Diplomatic games and genocide
Antony Blinken apparently told Israeli Prime Minister Benjamin Netanyahu last week that, “You need a coherent plan, or else you’re going to be stuck in Gaza.” According to the US Secretary of State, Netanyahu’s genocidal actions will either consolidate Hamas in Gaza or lead to anarchy and more “terrorism”. Blinken needs to refer to the definition of genocide and link it to what Israel is doing in Gaza. The diplomatic status quo is long gone.
Nevertheless, the diplomatic games continue. At the UN Security Council, the US abstained from a vote on a draft resolution calling for a ceasefire during Ramadan. The resolution itself didn’t call for much; the timeframe is too short. And yet, even for a short period, the US cannot bring itself to vote to stop Israel killing more Palestinian civilians. Not even in a non-binding resolution.
The absurdity of the UNSC and the US abstaining because the vote did not condemn Hamas is reminiscent of petty quarrels between children.
“Certain key edits were ignored,” US Ambassador to the UN Linda Thomas-Greenfield offered by way of explanation. The resolution wasn’t supposed to be about the US, and certainly not about Israel.
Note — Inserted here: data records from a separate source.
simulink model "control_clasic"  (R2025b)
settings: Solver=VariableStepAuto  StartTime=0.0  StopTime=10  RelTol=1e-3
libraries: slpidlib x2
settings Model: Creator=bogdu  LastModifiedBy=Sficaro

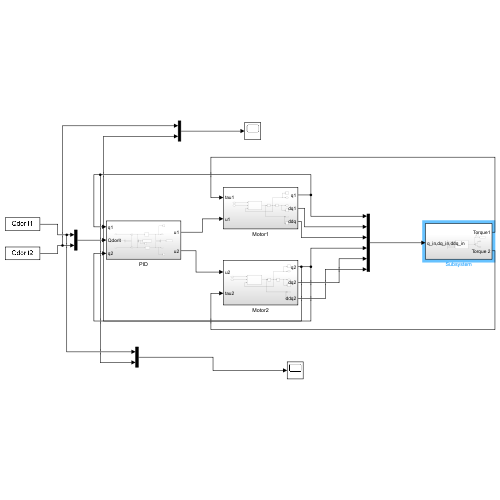
[thumbnail: Simulink's stored preview of the top-level diagram]
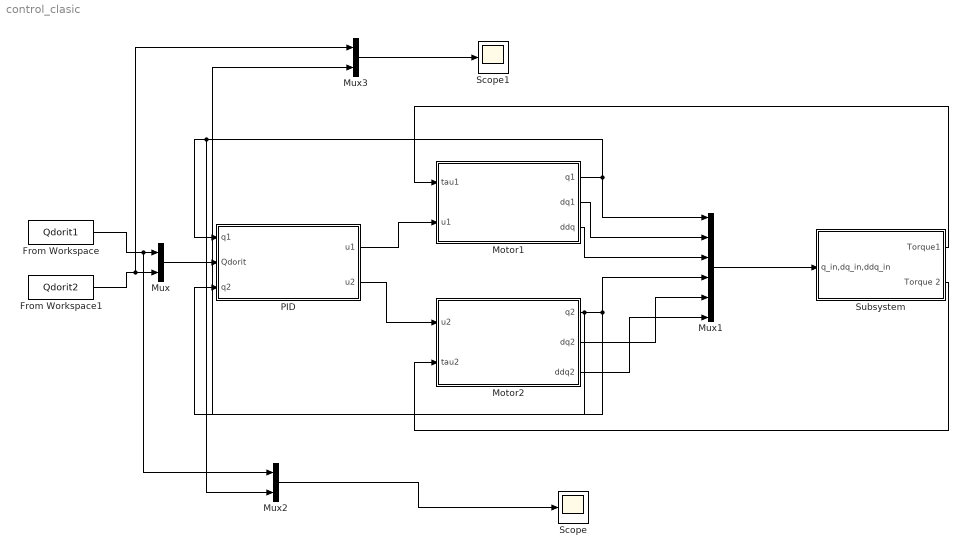
== system control_clasic ==
  From Workspace : FromWorkspace  VariableName=Qdorit1
  From Workspace1 : FromWorkspace  VariableName=Qdorit2
  Motor1 : Subsystem
  Motor2 : Subsystem
  Mux : Mux  Inputs=2
  Mux1 : Mux  Inputs=6
  Mux2 : Mux  Inputs=2
  Mux3 : Mux  Inputs=2
  PID : Subsystem
  Scope : Scope
      settings: ActiveDisplayYMinimum=-1  ActiveDisplayYMaximum=1  DataLoggingVariableName=ScopeData8
  Scope1 : Scope
      settings: ActiveDisplayYMinimum=-0.012500000000000004  ActiveDisplayYMaximum=0.11250000000000007
  Subsystem : Subsystem
  wires:
  From Workspace/1 -> Mux2/1, Mux/1
  From Workspace1/1 -> Mux3/1, Mux/2
  Mux/1 -> PID/2(Qdorit)
  Subsystem/1(Torque1) -> Motor1/1(tau1)
  Subsystem/2(Torque 2) -> Motor2/2(tau2)
  PID/1(u1) -> Motor1/2(u1)
  PID/2(u2) -> Motor2/1(u2)
  Motor1/1(q1) -> Mux1/1, Mux2/2, PID/1(q1)
  Motor2/1(q2) -> Mux3/2, Mux1/4, PID/3(q2)
  Motor1/2(dq1) -> Mux1/2
  Motor1/3(ddq) -> Mux1/3
  Motor2/2(dq2) -> Mux1/5
  Motor2/3(ddq2) -> Mux1/6
  Mux1/1 -> Subsystem/1(q_in,dq_in,ddq_in)
  Mux2/1 -> Scope/1
  Mux3/1 -> Scope1/1

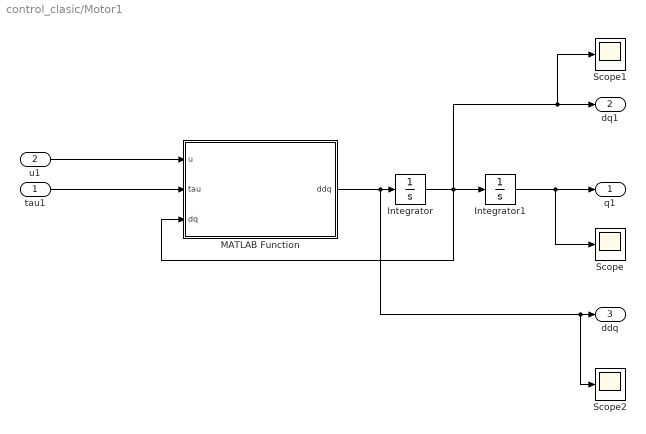
== system control_clasic/Motor1 ==
  tau1 : Inport
  u1 : Inport  Port=2
  Integrator : Integrator
  Integrator1 : Integrator
  MATLAB Function : MATLAB Function  TreatAsAtomicUnit=on
  Scope : Scope
      settings: ActiveDisplayYMinimum=-1  ActiveDisplayYMaximum=1
  Scope1 : Scope
      settings: ActiveDisplayYMinimum=-1  ActiveDisplayYMaximum=1
  Scope2 : Scope
      settings: ActiveDisplayYMinimum=-1  ActiveDisplayYMaximum=1  DataLoggingVariableName=ScopeData2
  q1 : Outport
  dq1 : Outport  Port=2
  ddq : Outport  Port=3
  wires:
  MATLAB Function/1(ddq) -> Scope2/1, ddq/1, Integrator/1
  Integrator1/1 -> Scope/1, q1/1
  Integrator/1 -> Scope1/1, dq1/1, Integrator1/1, MATLAB Function/3(dq)
  u1/1 -> MATLAB Function/1(u)
  tau1/1 -> MATLAB Function/2(tau)

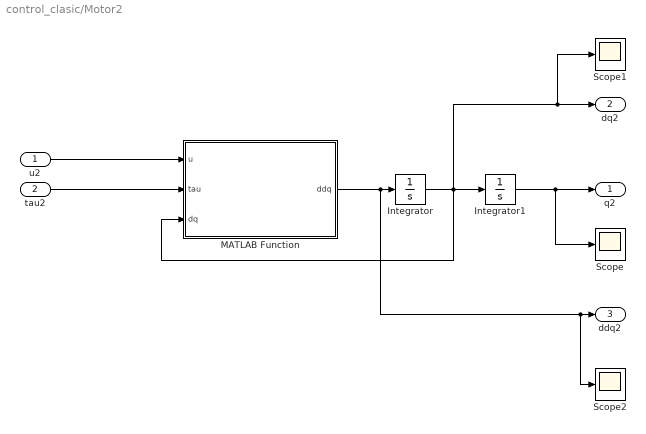
== system control_clasic/Motor2 ==
  u2 : Inport
  tau2 : Inport  Port=2
  Integrator : Integrator
  Integrator1 : Integrator
  MATLAB Function : MATLAB Function  TreatAsAtomicUnit=on
  Scope : Scope
      settings: ActiveDisplayYMinimum=-0.01248  ActiveDisplayYMaximum=0.11232  DataLoggingVariableName=ScopeData3
  Scope1 : Scope
      settings: ActiveDisplayYMinimum=-0.00187  ActiveDisplayYMaximum=0.01686  DataLoggingVariableName=ScopeData4
  Scope2 : Scope
      settings: ActiveDisplayYMinimum=-0.00957  ActiveDisplayYMaximum=0.00897  DataLoggingVariableName=ScopeData5
  q2 : Outport
  dq2 : Outport  Port=2
  ddq2 : Outport  Port=3
  wires:
  Integrator/1 -> Scope1/1, dq2/1, Integrator1/1, MATLAB Function/3(dq)
  tau2/1 -> MATLAB Function/2(tau)
  u2/1 -> MATLAB Function/1(u)
  Integrator1/1 -> Scope/1, q2/1
  MATLAB Function/1(ddq) -> Scope2/1, ddq2/1, Integrator/1

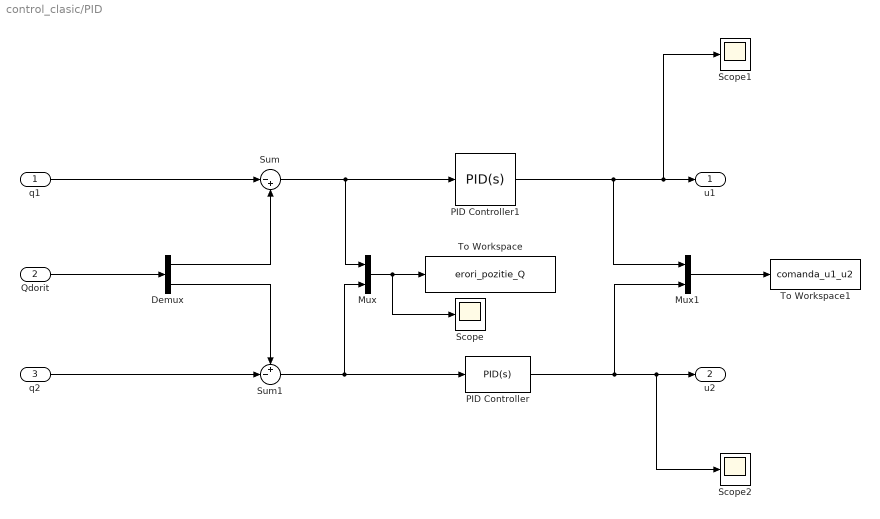
== system control_clasic/PID ==
  q1 : Inport
  Qdorit : Inport  Port=2
  q2 : Inport  Port=3
  Demux : Demux  Outputs=2
  Mux : Mux  Inputs=2
  Mux1 : Mux  Inputs=2
  PID Controller : slpidlib/PID Controller  Controller=PID  Form=Parallel  TimeDomain=Continuous-time  UseExternalTs=off  SampleTime=-1  IntegratorMethod=Forward Euler  FilterMethod=Forward Euler  ControllerParametersSource=internal  P=7000  I=10  UseKiTs=off  D=2  UseExternalDerivativeSource=off  N=250  UseFilter=on  TunerSelectOption=Transfer Function Based (PID Tuner App)  InitialConditionSource=internal  InitialConditionForIntegrator=0  InitialConditionForFilter=0  DifferentiatorICPrevScaledInput=0  ExternalReset=none  TrackingMode=off  Kt=1  LimitOutput=on  SatLimitsSource=internal  UpperSaturationLimit=24  LowerSaturationLimit=-24  LinearizeAsGain=on  AntiWindupMode=none  Kb=1  LimitIntegrator=off  UpperIntegratorSaturationLimit=inf  LowerIntegratorSaturationLimit=-inf  POutMin=[]  POutMax=[]  IOutMin=[]  IOutMax=[]  DOutMin=[]  DOutMax=[]  NOutMin=[]  NOutMax=[]  SumOutMin=[]  SumOutMax=[]  SaturationOutMin=[]  SaturationOutMax=[]  PParamMin=[]  PParamMax=[]  IParamMin=[]  IParamMax=[]  DParamMin=[]  DParamMax=[]  NParamMin=[]  NParamMax=[]  KbParamMin=[]  KbParamMax=[]  KtParamMin=[]  KtParamMax=[]  KbOutMin=[]  KbOutMax=[]  KtOutMin=[]  KtOutMax=[]  IntegratorOutMin=[]  IntegratorOutMax=[]  FilterOutMin=[]  FilterOutMax=[]  SumI1OutMin=[]  SumI1OutMax=[]  SumI2OutMin=[]  SumI2OutMax=[]  SumI3OutMin=[]  SumI3OutMax=[]  SumI4OutMin=[]  SumI4OutMax=[]  SumDOutMin=[]  SumDOutMax=[]  DifferentiatorOutMin=[]  DifferentiatorOutMax=[]  FilterDiffOutCoefMin=[]  FilterDiffOutCoefMax=[]  ReciprocalOutMin=[]  ReciprocalOutMax=[]  SumDenOutMin=[]  SumDenOutMax=[]  SumNumOutMin=[]  SumNumOutMax=[]  DivideOutMin=[]  DivideOutMax=[]  UdiffTsProdOutMin=[]  UdiffTsProdOutMax=[]  NTsProdOutMin=[]  NTsProdOutMax=[]  UintegralTsProdOutMin=[]  UintegralTsProdOutMax=[]  UngainTsProdOutMin=[]  UngainTsProdOutMax=[]  ClampingZeroOutDataTypeStr=Inherit: Inherit via back propagation  ClampingZeroOutMin=[]  ClampingZeroOutMax=[]  FilterDenConstantOutDataTypeStr=Inherit: Inherit via back propagation  FilterDenConstantOutMin=[]  FilterDenConstantOutMax=[]  PCopyOutDataTypeStr=Inherit: Inherit via back propagation  PCopyOutMin=[]  PCopyOutMax=[]  NCopyOutDataTypeStr=Inherit: Inherit via back propagation  NCopyOutMin=[]  NCopyOutMax=[]  IntegratorContinuousStateAttributes=''  IntegratorStateMustResolveToSignalObject=off  IntegratorRTWStateStorageClass=Auto  FilterContinuousStateAttributes=''  FilterStateMustResolveToSignalObject=off  FilterRTWStateStorageClass=Auto  ParallelPVariant=InternalParameters  IdealPVariant=Disabled  IVariant=InternalParameters  DVariant=InternalParameters  IntegratorVariant=Continuous  SatVariant=Enabled  AWVariant=Passthrough  PCopyVariant=Disabled  TRVariant=Disabled  FdbkBlocksVariant=Forward  IdealPFdbkVariant=Disabled  SatFdbkVariant=Disabled  DerivativeFilterVariant=ContFilter  NVariant=InternalParameters  NCopyVariant=Disabled  FilterICVariant=InternalICsFilter  IntegratorICVariant=InternalICs  ExternalResetVariant=Disabled  TRSumVariant=Passthrough  SumFdbkVariant=Disabled  SumVariant=Sum_PID  TsampFilterVariant=InternalTs  TsampNgainVariant=Passthrough  TsampIntegralVariant=Disabled_SignalSpec  ExternalSaturationOutDataTypeStr=Inherit: Same as second input  DerivativeSourceVariant=ErrorSignal  PreIntVariant=InternalPreInt
  PID Controller1 : slpidlib/PID Controller  Controller=PID  Form=Parallel  TimeDomain=Continuous-time  UseExternalTs=off  SampleTime=-1  IntegratorMethod=Forward Euler  FilterMethod=Forward Euler  ControllerParametersSource=internal  P=1000  I=3  UseKiTs=off  D=1  UseExternalDerivativeSource=off  N=100  UseFilter=on  TunerSelectOption=Transfer Function Based (PID Tuner App)  InitialConditionSource=internal  InitialConditionForIntegrator=0  InitialConditionForFilter=0  DifferentiatorICPrevScaledInput=0  ExternalReset=none  TrackingMode=off  Kt=1  LimitOutput=on  SatLimitsSource=internal  UpperSaturationLimit=24  LowerSaturationLimit=-24  LinearizeAsGain=on  AntiWindupMode=none  Kb=1  LimitIntegrator=off  UpperIntegratorSaturationLimit=inf  LowerIntegratorSaturationLimit=-inf  POutMin=[]  POutMax=[]  IOutMin=[]  IOutMax=[]  DOutMin=[]  DOutMax=[]  NOutMin=[]  NOutMax=[]  SumOutMin=[]  SumOutMax=[]  SaturationOutMin=[]  SaturationOutMax=[]  PParamMin=[]  PParamMax=[]  IParamMin=[]  IParamMax=[]  DParamMin=[]  DParamMax=[]  NParamMin=[]  NParamMax=[]  KbParamMin=[]  KbParamMax=[]  KtParamMin=[]  KtParamMax=[]  KbOutMin=[]  KbOutMax=[]  KtOutMin=[]  KtOutMax=[]  IntegratorOutMin=[]  IntegratorOutMax=[]  FilterOutMin=[]  FilterOutMax=[]  SumI1OutMin=[]  SumI1OutMax=[]  SumI2OutMin=[]  SumI2OutMax=[]  SumI3OutMin=[]  SumI3OutMax=[]  SumI4OutMin=[]  SumI4OutMax=[]  SumDOutMin=[]  SumDOutMax=[]  DifferentiatorOutMin=[]  DifferentiatorOutMax=[]  FilterDiffOutCoefMin=[]  FilterDiffOutCoefMax=[]  ReciprocalOutMin=[]  ReciprocalOutMax=[]  SumDenOutMin=[]  SumDenOutMax=[]  SumNumOutMin=[]  SumNumOutMax=[]  DivideOutMin=[]  DivideOutMax=[]  UdiffTsProdOutMin=[]  UdiffTsProdOutMax=[]  NTsProdOutMin=[]  NTsProdOutMax=[]  UintegralTsProdOutMin=[]  UintegralTsProdOutMax=[]  UngainTsProdOutMin=[]  UngainTsProdOutMax=[]  ClampingZeroOutDataTypeStr=Inherit: Inherit via back propagation  ClampingZeroOutMin=[]  ClampingZeroOutMax=[]  FilterDenConstantOutDataTypeStr=Inherit: Inherit via back propagation  FilterDenConstantOutMin=[]  FilterDenConstantOutMax=[]  PCopyOutDataTypeStr=Inherit: Inherit via back propagation  PCopyOutMin=[]  PCopyOutMax=[]  NCopyOutDataTypeStr=Inherit: Inherit via back propagation  NCopyOutMin=[]  NCopyOutMax=[]  IntegratorContinuousStateAttributes=''  IntegratorStateMustResolveToSignalObject=off  IntegratorRTWStateStorageClass=Auto  FilterContinuousStateAttributes=''  FilterStateMustResolveToSignalObject=off  FilterRTWStateStorageClass=Auto  ParallelPVariant=InternalParameters  IdealPVariant=Disabled  IVariant=InternalParameters  DVariant=InternalParameters  IntegratorVariant=Continuous  SatVariant=Enabled  AWVariant=Passthrough  PCopyVariant=Disabled  TRVariant=Disabled  FdbkBlocksVariant=Forward  IdealPFdbkVariant=Disabled  SatFdbkVariant=Disabled  DerivativeFilterVariant=ContFilter  NVariant=InternalParameters  NCopyVariant=Disabled  FilterICVariant=InternalICsFilter  IntegratorICVariant=InternalICs  ExternalResetVariant=Disabled  TRSumVariant=Passthrough  SumFdbkVariant=Disabled  SumVariant=Sum_PID  TsampFilterVariant=InternalTs  TsampNgainVariant=Passthrough  TsampIntegralVariant=Disabled_SignalSpec  ExternalSaturationOutDataTypeStr=Inherit: Same as second input  DerivativeSourceVariant=ErrorSignal  PreIntVariant=InternalPreInt
  Scope : Scope
      settings: ActiveDisplayYMinimum=-0.0018209575593210454  ActiveDisplayYMaximum=0.016388618033889413  DataLoggingVariableName=ScopeData7
  Scope1 : Scope
      settings: ActiveDisplayYMinimum=-1  ActiveDisplayYMaximum=1  DataLoggingVariableName=ScopeData2
  Scope2 : Scope
      settings: ActiveDisplayYMinimum=-1  ActiveDisplayYMaximum=1  DataLoggingVariableName=ScopeData3
  Sum : Sum  Inputs=|-+
  Sum1 : Sum  Inputs=+-|
  To Workspace : ToWorkspace  VariableName=erori_pozitie_Q  SaveFormat=Timeseries  SampleTime=-1
  To Workspace1 : ToWorkspace  VariableName=comanda_u1_u2  SaveFormat=Timeseries  SampleTime=-1
  u1 : Outport
  u2 : Outport  Port=2
  wires:
  Qdorit/1 -> Demux/1
  Demux/1 -> Sum/2
  Demux/2 -> Sum1/1
  Sum1/1 -> PID Controller/1, Mux/2
  Sum/1 -> PID Controller1/1, Mux/1
  Mux/1 -> Scope/1, To Workspace/1
  PID Controller1/1 -> Mux1/1, Scope1/1, u1/1
  PID Controller/1 -> Mux1/2, Scope2/1, u2/1
  Mux1/1 -> To Workspace1/1
  q1/1 -> Sum/1
  q2/1 -> Sum1/2

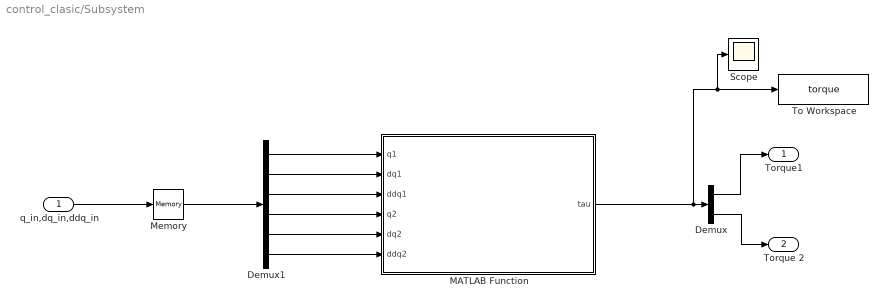
== system control_clasic/Subsystem ==
  q_in,dq_in,ddq_in : Inport
  Demux : Demux  Outputs=2
  Demux1 : Demux  Outputs=6
  MATLAB Function : MATLAB Function  TreatAsAtomicUnit=on
  Memory : Memory
  Scope : Scope
      settings: ActiveDisplayYMinimum=-221.19935628386966  ActiveDisplayYMaximum=198.08517151087329  DataLoggingVariableName=ScopeData6
  To Workspace : ToWorkspace  VariableName=torque  SaveFormat=Timeseries  SampleTime=-1
  Torque1 : Outport
  Torque 2 : Outport  Port=2
  wires:
  q_in,dq_in,ddq_in/1 -> Memory/1
  Memory/1 -> Demux1/1
  MATLAB Function/1(tau) -> Scope/1, To Workspace/1, Demux/1
  Demux/1 -> Torque1/1
  Demux/2 -> Torque 2/1
  Demux1/1 -> MATLAB Function/1(q1)
  Demux1/2 -> MATLAB Function/2(dq1)
  Demux1/3 -> MATLAB Function/3(ddq1)
  Demux1/4 -> MATLAB Function/4(q2)
  Demux1/5 -> MATLAB Function/5(dq2)
  Demux1/6 -> MATLAB Function/6(ddq2)

== matlab function control_clasic/Motor2/MATLAB Function ==
  data: u input; tau input; ddq output; dq input
function ddq = Motor_Linear(u, tau, dq)
    % Parametri motor rotativ (identici cu originalul)
    b = 0.1;              % [Nms/rad]
    k_M = 40.4*10^-3;     % [Nm/A]
    randament = 1;
    i_r = 210;
    R = 0.100;            % [Ω]
    J_a = 20*10^-6;     % [kgm²]
    
    % Parametru de conversie rotație → translație
    r = 0.05;             % [m] - raza roții/scrubului (AJUSTEAZĂ!)
    
    % Conversie translație → rotație
    dq = dq / r;                    % viteza unghiulară [rad/s]
    tau = tau * r;                % cuplu extern [Nm]
    
    % Calculul accelerației unghiulare (ca la original)
    factor1 = (b + k_M^2/R) * dq;
    factor2 = tau / (randament * i_r^2);
    factor3 = k_M / (i_r * R) * u;
    
    ddq = 1/J_a * (factor3 - factor1 - factor2);
    
    % Conversie accelerație unghiulară → liniară
    ddq = ddq * r;                  % [m/s²]
end

== matlab function control_clasic/Motor1/MATLAB Function ==
  data: u input; ddq output; tau input; dq input
function ddq = Motor(u, tau, dq)

    b = 0.1; %[Nms/rad]
    k_M = 13.7*10^-3; %[mNm/A]
    randament = 1; 
    i_r = 81;
    R = 0.102; %[ohm]
    J_a = 43*10^-6; %[gcm^2]


    factor1 = (b + k_M^2/R)*dq;
    factor2 = tau/(randament*i_r^2);
    factor3 = k_M / (i_r * R) * u;
    ddq = 1/J_a * (factor3 - factor1 - factor2);

== matlab function control_clasic/Subsystem/MATLAB Function ==
  data: q1 input; dq1 input; tau output; ddq1 input; q2 input; dq2 input; ddq2 input
function tau = tau_compute(q1,dq1, ddq1, q2, dq2, ddq2)
    
    % parametri structura
    mc1 = 0.5;      
    mc2 = 0.5;      
    l1 = 0.4;
    lc2 = 0.1;
    lc1 = 0.2;
    Izz1 = 0.000625;
    Izz2 = 0.00197;
    Ixx_1 = Izz1;
    Ixx_2 = Izz2;
    g=9.81;
   
    % mass inertia
    M = [mc2*l1^2 + 2*mc2*l1*lc2 + 2*mc2*l1*q2 + mc1*lc1^2 + mc2*lc2^2 + 2*mc2*lc2*q2 + mc2*q2^2 + Ixx_1 + Ixx_2,              0;
                                                  0,                                                                           mc2];
    M = M * [ddq1; ddq2];

     % coriolis
    B_coriolis = [2*mc2*(l1 + lc2 + q2); 
                           0];
    
    % centrifugal
    Cn = [           0,                      0; 
         -mc2*(l1 + lc2 + q2),                0];
    % coriolis + centrifugal
    N = Cn*[dq1^2; dq2^2] + B_coriolis*dq1*dq2;

    G = [g*mc2*(cos(q1)*(l1 + q2) + lc2*cos(q1)) + g*lc1*mc1*cos(q1); 
                               g*mc2*sin(q1)];

    tau = M + N + G;

But, of course, at the Security Council, and during every diplomatic interaction, why shouldn’t the focus be on appeasing Israel instead of preventing genocide? Why not request Israel to stop killing Palestinians for what remains of Ramadan, for just two weeks? Let Palestinians live for two weeks longer, while starving to death of course, and kill them later. That is the essence of the latest UN resolution. And nothing embodies it more than the US.
Still playing the alienation game, Netanyahu immediately cancelled the scheduled visit of a delegation to Washington after the US failed to veto the resolution. The gimmick makes it seem as if Blinken’s warning was the lead-up to a rupture in US-Israeli diplomatic relations, when nothing could be further from the truth.
Israel wants to complete the ethnic cleansing of the Palestinians in Gaza. The US has no objection to this; it only objects, in fact, when the international clamour gets too loud, and the intention is only to soothe outraged diplomats temporarily, which buys Israel more time for the next phase of its genocide.
Blinken did not consider whether any Palestinians will be left in Gaza after the genocide. Nor did he explain what he meant by “stuck in Gaza” in terms of Israeli colonialism. More settler-colonial expansion, perhaps? Israel’s extreme far-right settler society is already talking about building settlements in Gaza. If the world knows that, surely Blinken knows that, and more.
What the US has exposed in its support for Israel’s genocide is that there is no longer any pretence of supporting a hypothetical Palestinian state. Blinken knows that Gaza is the bulwark in terms of its representation of historic Palestine. He also knows that the US can stop Israel, but it won’t. And the louder that Israel’s actions speak for themselves, the more that diplomacy becomes both absurd and superfluous, because what excuse can really be termed as credible when the only way to stop Israel’s genocide is by taking direct action to stop it? Ending the supply of US and German arms and ammunition to the apartheid state would be a good first step.